When you define a class to derive from another class, the derived class gains all the members of the base class – except its constructors and destructors.

This means the derived class can reuse the code in the base class without re-implementing it.

In the derived class, you can add more members allowing it to extend the functionality of the base class.

  • Base Class – members are inherited by the derived class.
  • Derived Class – inherits those members from the base class.

Each Derived Class Has Only One Direct Base Class

A derived class can have only one direct base class.

However, inheritance is transitive.

If

StringQuartet is derived from Classical

Classical is derived from Music

StringQuartet inherits the members declared in Classical and Music.

Polymorphism and Derived Classes

Polymorphism let us treat objects of a derived class as objects of its base class.

For example, big cats (base class) hunt (a method) in different ways. A Lion (derived class) stalks, while a Cheetah (another derived class) outruns it.

Virtual Methods

A virtual method is a type of method which can be overridden in a derived class.

Tip: use override sealed if you want a virtual method in a base class to become sealed in a derived class.

MSDN Definition

A class that was created based on a previously existing class (i.e., base class). A derived class inherits all of the member variables and methods of the base class from which it is derived.

C+ Derived Class Example

class Derived : [virtual] [access-specifier] Base

{

// member list

};

class Derived : [virtual] [access-specifier] Base1,

[virtual] [access-specifier] Base2, . . .

{

// member list

};

 

Note: In C#, both inheritance and interface implementation are defined by the : operator, equivalent to extends and implements in Java. The base class should always be rightmost in the class declaration.

Single Inheritance

In “single inheritance,” a form of inheritance, classes have only one base class.

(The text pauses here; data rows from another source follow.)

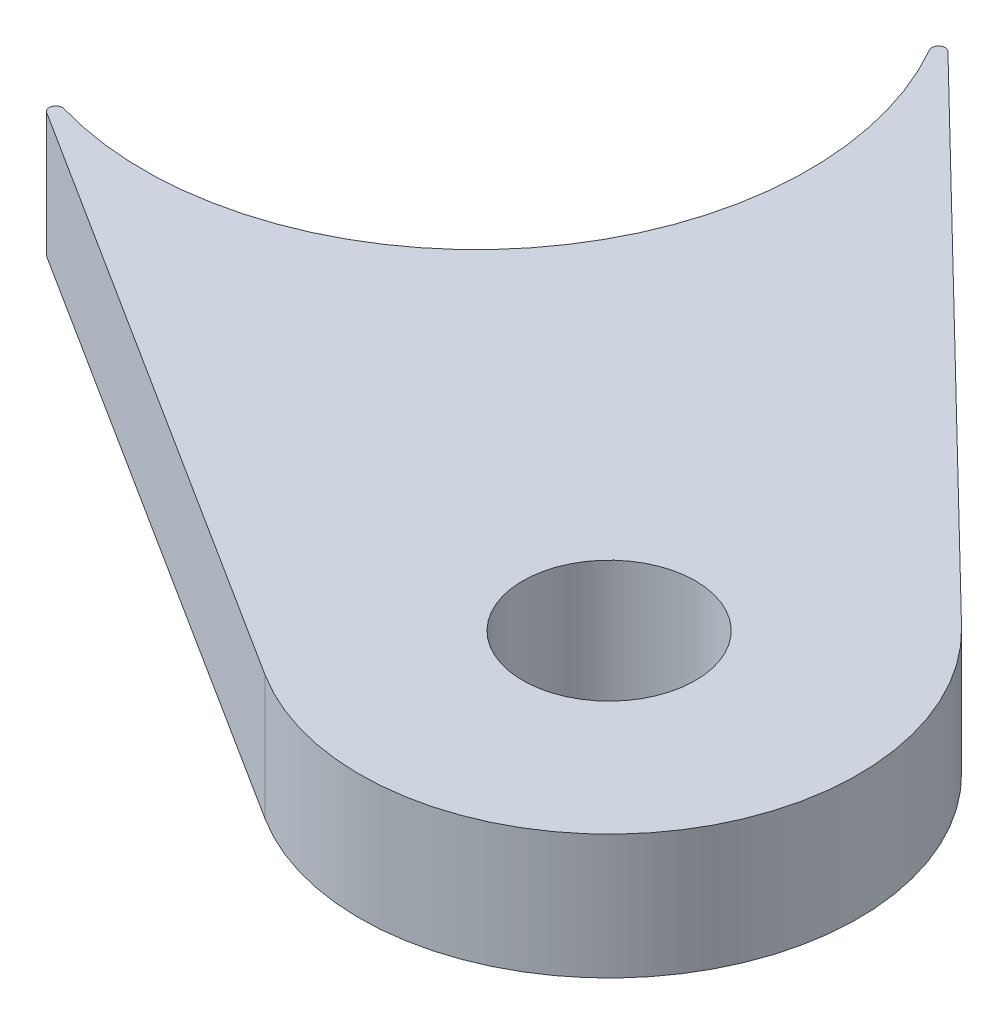
from build123d import *

# Parameters (mm, degrees)
SKETCH1_R           = 3.3
BOSS_EXTRUDE1_DEPTH = 4.7625
FILLET1_R           = 0.254


with BuildPart() as part:
    # Sketch1 → Boss-Extrude1 (new body)
    with BuildSketch(Plane(origin=(0, 0, 0), x_dir=(1, 0, 0), z_dir=(0, 1, 0))):
        with BuildLine():
            Line((20.295130547, -4.286001307), (-1.62065927, 17.039498258))
            ThreePointArc((-1.62065927, 17.039498258), (-0.509488878, 0.068017535), (-17.27546701, -2.789924879))
            Line((-17.27546701, -2.789924879), (8.554024743, -19.158068659))
            ThreePointArc((8.554024743, -19.158068659), (21.128508342, -17.014611849), (20.295130547, -4.286001307))
        make_face()
        with Locations((13.6525, -11.1125)):
            Circle(SKETCH1_R, mode=Mode.SUBTRACT)
    extrude(amount=BOSS_EXTRUDE1_DEPTH)

    # Fillet1
    fillet1_edges = [part.edges().sort_by_distance(p)[0] for p in [
        (-17.27546701, 2.38125, 2.789924879),
        (-1.62065927, 2.38125, -17.039498258),
    ]]
    fillet(fillet1_edges, radius=FILLET1_R)


solid = part.part

Consider the relationship illustrated in the following figure.

PrintedBook

Book

PaperbackBook

Note the progression from general (PrintedBook) to specific (PaperbackBook).

Kind of Relationships

The derived class has a “kind of” relationship with the base class.

Why?

A Book is a kind of a PrintedDocument

A PaperbackBook is a kind of a book.

Book is

both a derived class (from PrintedDocument) and a

base class (as PaperbackBook is derived from Book).

Code Sample

class PrintedDocument {};

// Book is derived from PrintedDocument.

class Book : public PrintedDocument {};

// PaperbackBook is derived from Book.

class PaperbackBook : public Book {};

Direct Base v Indirect Base

PrintedDocument is a “direct base” class to Book.

PrintedDocument is an “indirect base” class to PaperbackBook.

Why?

A direct base class appears in the base list of a class declaration – an indirect base does not.

The base class from which each class is derived is declared before the declaration of the derived class.